Lattice gauge theory simulations require two pieces of code: one that evaluates the action (the energy functional) and one that computes its gradient (the force for Hybrid Monte Carlo dynamics). Writing both by hand is the standard practice. The force computation must be the exact derivative of the action, but the two are developed and maintained independently. Every change to the action requires a corresponding change to the force. Inconsistencies produce wrong physics.
Nagai, Tomiya, and Ohno (arXiv:2602.20516) eliminate the duplication by applying reverse-mode automatic differentiation at the LLVM intermediate representation level. Write the action in any language that compiles to LLVM. The differentiation pipeline automatically generates the corresponding force. No separate implementation. No consistency checking. The derivative is derived, not duplicated.
The performance matches hand-written implementations. The LLVM-level approach preserves compiler optimizations — the automatically generated code benefits from the same loop unrolling, vectorization, and memory management as manually written code. The method works for both gauge and Wilson fermion actions, and supports CPU and GPU targets.

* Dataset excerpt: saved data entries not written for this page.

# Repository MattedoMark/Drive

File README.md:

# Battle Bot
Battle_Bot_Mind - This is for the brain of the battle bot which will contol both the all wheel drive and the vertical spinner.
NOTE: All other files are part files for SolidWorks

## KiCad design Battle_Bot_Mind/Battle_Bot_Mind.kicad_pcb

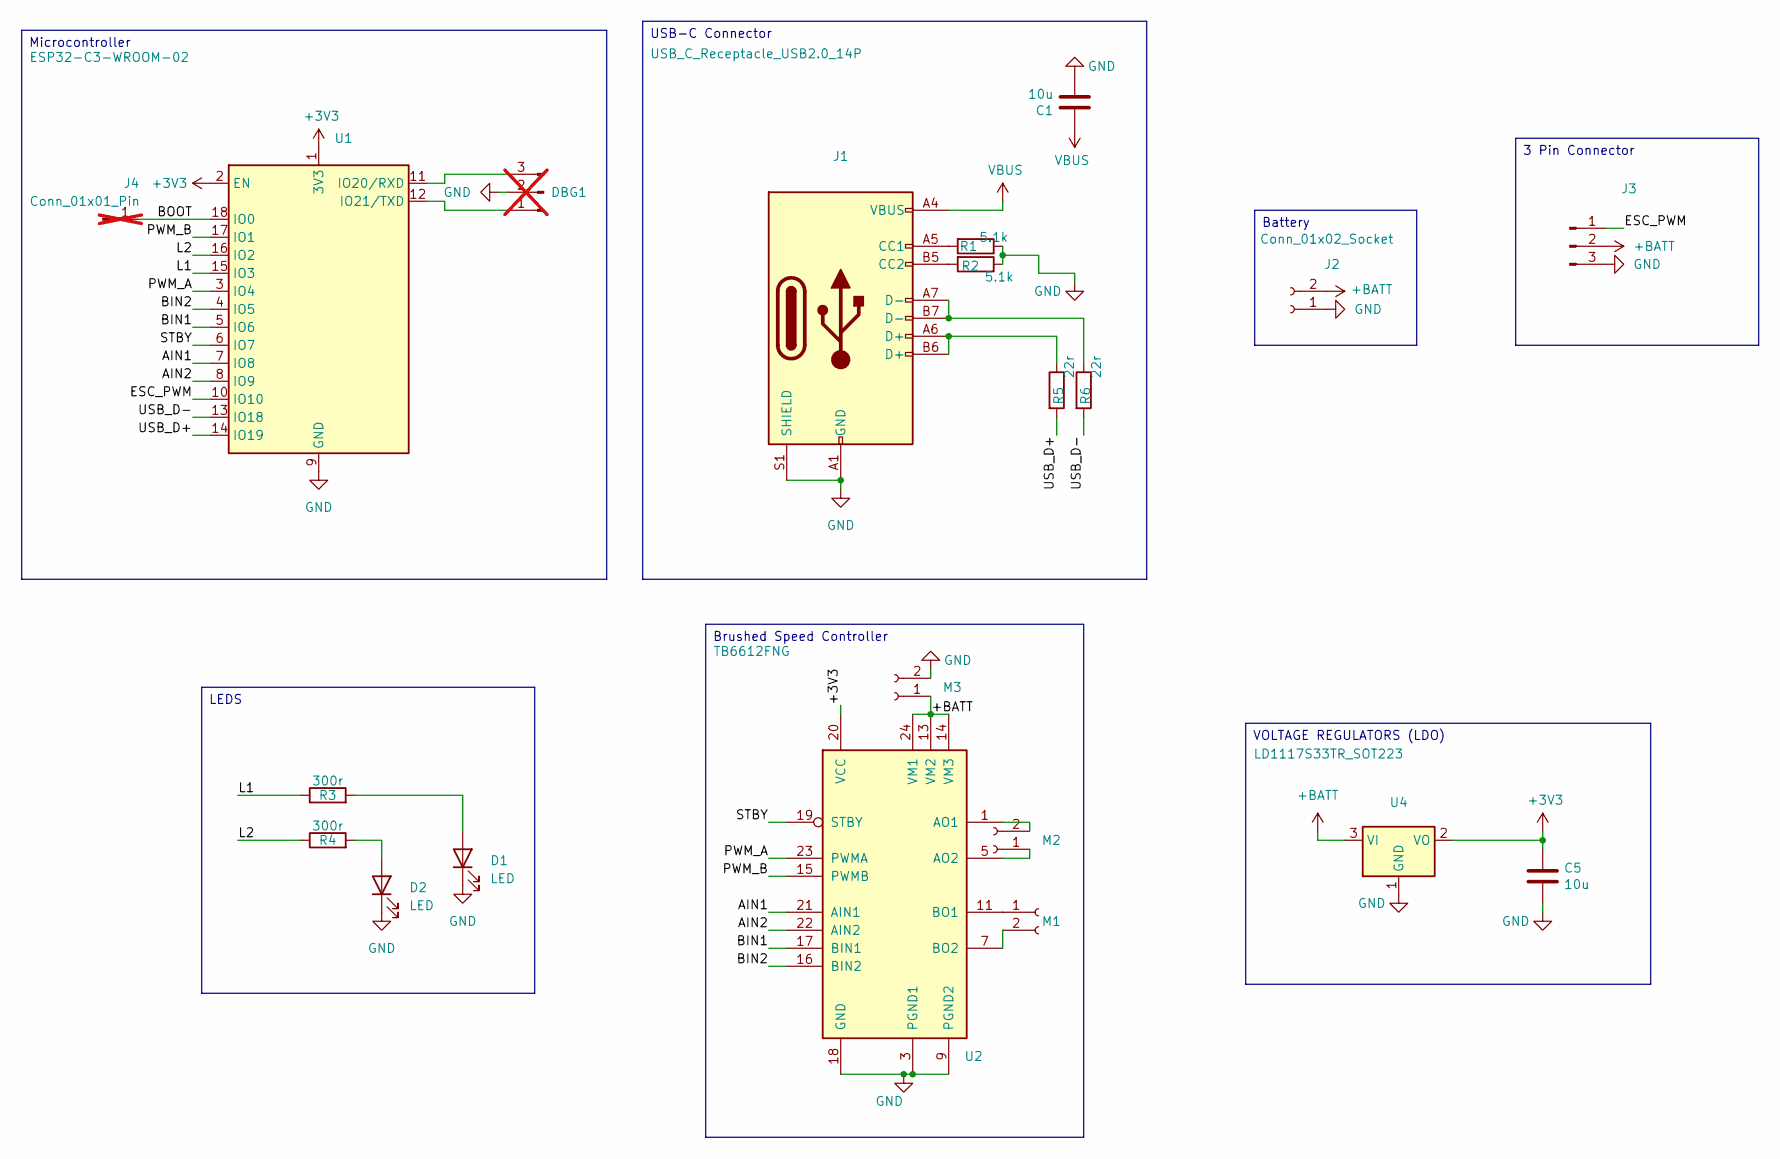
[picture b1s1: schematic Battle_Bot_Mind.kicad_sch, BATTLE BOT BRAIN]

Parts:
C1, C5: 10u; C_0805_2012Metric; LCSC C408141
D1, D2: LED; LED_0402_1005Metric; LCSC C965793
DBG1: Conn_01x03_Pin; PinHeader_1x03_P2.00mm_Vertical; not fitted
J1: USB_C_Receptacle_USB2.0_14P; USB_C_Receptacle_HRO_TYPE-C-31-M-12; LCSC C165948
J2: Conn_01x02_Socket; AMASS_XT30U-F_1x02_P5.0mm_Vertical; LCSC C428721
J3: Conn_01x03_Pin; PinHeader_1x03_P2.00mm_Vertical
J4: Conn_01x01_Pin; PinSocket_1x01_P2.54mm_Vertical; not fitted
M1, M2, M3: Conn_01x02_Socket; PinHeader_1x02_P2.54mm_Vertical
R1, R2: 5.1k; R_0402_1005Metric_Pad0.72x0.64mm_HandSolder; LCSC C105872
R3, R4: 300r; R_0402_1005Metric; LCSC C25102
R5, R6: 22r; R_0402_1005Metric_Pad0.72x0.64mm_HandSolder; LCSC C105872
U1: ESP32-C3-WROOM-02; LCSC C2944070
U2: TB6612FNG; SSOP-24_5.3x8.2mm_P0.65mm; LCSC C141517
U4: LD1117S33TR_SOT223; SOT-223-3_TabPin2; LCSC C86781

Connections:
+3V3: C5.1, U1.1 (3V3), U1.2 (EN), U2.20 (VCC), U4.2 (VO)
+BATT: J2.2, J3.2, M3.1, U2.13 (VM2), U2.14 (VM3), U2.24 (VM1), U4.3 (VI); also elsewhere on the board
/AIN1: U1.7 (IO8), U2.21 (AIN1)
/AIN2: U1.8 (IO9), U2.22 (AIN2)
/BIN1: U1.5 (IO6), U2.17 (BIN1)
/BIN2: U1.4 (IO5), U2.16 (BIN2)
/BOOT: J4.1, U1.18 (IO0)
/ESC_PWM: J3.1, U1.10 (IO10)
/L1: R3.1, U1.15 (IO3)
/L2: R4.1, U1.16 (IO2)
/PWM_A: U1.3 (IO4), U2.23 (PWMA)
/PWM_B: U1.17 (IO1), U2.15 (PWMB)
/STBY: U1.6 (IO7), U2.19 (STBY)
/USB_D+: R5.2, U1.14 (IO19)
/USB_D-: R6.2, U1.13 (IO18)
GND: C1.2, C5.2, D1.1 (K), D2.1 (K), DBG1.2, J1.A1 (GND), J1.A12 (GND), J1.B1 (GND), J1.B12 (GND), J1.S1 (SHIELD), J2.1, J3.3, M3.2, R1.1, R2.1, U1.9 (GND), U1.19 (GND), U2.3 (PGND1), U2.4 (PGND1), U2.9 (PGND2), U2.10 (PGND2), U2.18 (GND), U4.1 (GND); also elsewhere on the board
unnamed: D1.2 (A), R3.2
unnamed: D2.2 (A), R4.2
unnamed: DBG1.1, U1.12 (IO21/TXD)
unnamed: DBG1.3, U1.11 (IO20/RXD)
unnamed: J1.A5 (CC1), R1.2
unnamed: J1.B5 (CC2), R2.2
unnamed: J1.A6 (D+), J1.B6 (D+), R5.1
unnamed: J1.A7 (D-), J1.B7 (D-), R6.1
unnamed: M1.1, U2.11 (BO1), U2.12 (BO1)
unnamed: M1.2, U2.7 (BO2), U2.8 (BO2)
unnamed: M2.1, U2.5 (AO2), U2.6 (AO2)
unnamed: M2.2, U2.1 (AO1), U2.2 (AO1)
VBUS: C1.1, J1.A4 (VBUS), J1.A9 (VBUS), J1.B4 (VBUS), J1.B9 (VBUS)

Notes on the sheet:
USB-C Connector
Microcontroller
Battery
Brushed Speed Controller
VOLTAGE REGULATORS (LDO)
3 Pin Connector
LEDS

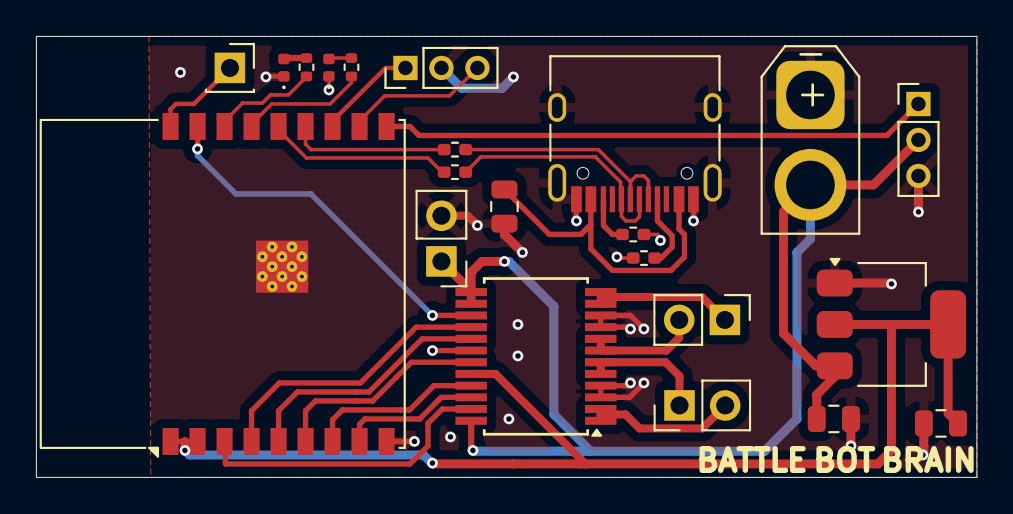
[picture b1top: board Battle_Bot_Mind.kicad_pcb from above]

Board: 2 copper layers, 52.2 x 24.5 mm, 22 parts (0 on the bottom side), 29 nets.

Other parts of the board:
C6: 2.2u; C_0805_2012Metric

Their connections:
+BATT: C6.1; also elsewhere on the board
GND: C6.2; also elsewhere on the board

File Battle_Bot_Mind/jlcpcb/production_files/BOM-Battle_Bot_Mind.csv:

Comment,Designator,Footprint,LCSC,Quantity
5.1k,"R1,R2,R5,R6",R_0402_1005Metric_Pad0.72x0.64mm_HandSolder,C105872,4
TB6612FNG,U2,SSOP-24_5.3x8.2mm_P0.65mm,C141517,1
USB_C_Receptacle_USB2.0_14P,J1,USB_C_Receptacle_HRO_TYPE-C-31-M-12,C165948,1
300r,"R3,R4",R_0402_1005Metric,C25102,2
ESP32-C3-WROOM-02,U1,ESP32-C3-WROOM-02,C2944070,1
10u,"C1,C5",C_0805_2012Metric,C408141,2
Conn_01x02_Socket,J2,AMASS_XT30U-F_1x02_P5.0mm_Vertical,C428721,1
LD1117S33TR_SOT223,U4,SOT-223-3_TabPin2,C86781,1
LED,"D1,D2",LED_0402_1005Metric,C965793,2
Conn_01x02_Socket,M2,PinHeader_1x02_P2.54mm_Vertical,,1
Conn_01x02_Socket,M1,PinHeader_1x02_P2.54mm_Vertical,,1
2.2u,C6,C_0805_2012Metric,,1
Conn_01x03_Pin,J3,PinHeader_1x03_P2.00mm_Vertical,,1
Conn_01x02_Socket,M3,PinHeader_1x02_P2.54mm_Vertical,,1

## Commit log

2025-07-20 work
2025-07-20 README.md
2025-07-28 ISAAC_CHANGED_STUFF
2025-07-29 isaac
2025-08-07 jlc2

The deeper point is where the differentiation happens. Not at the source level (limited to specific languages and patterns). Not at the mathematical level (requiring symbolic manipulation). At the compiler intermediate representation — the level where all languages converge into the same instruction set. This makes the approach language-agnostic: any action written in any LLVM-compiled language automatically gets its force.
The general observation: duplication of logically related code creates consistency liabilities. When one piece of code is the mathematical derivative of another, maintaining both independently is an error source that automatic differentiation eliminates entirely. The derivative is a function of the original — it should be computed, not reimplemented.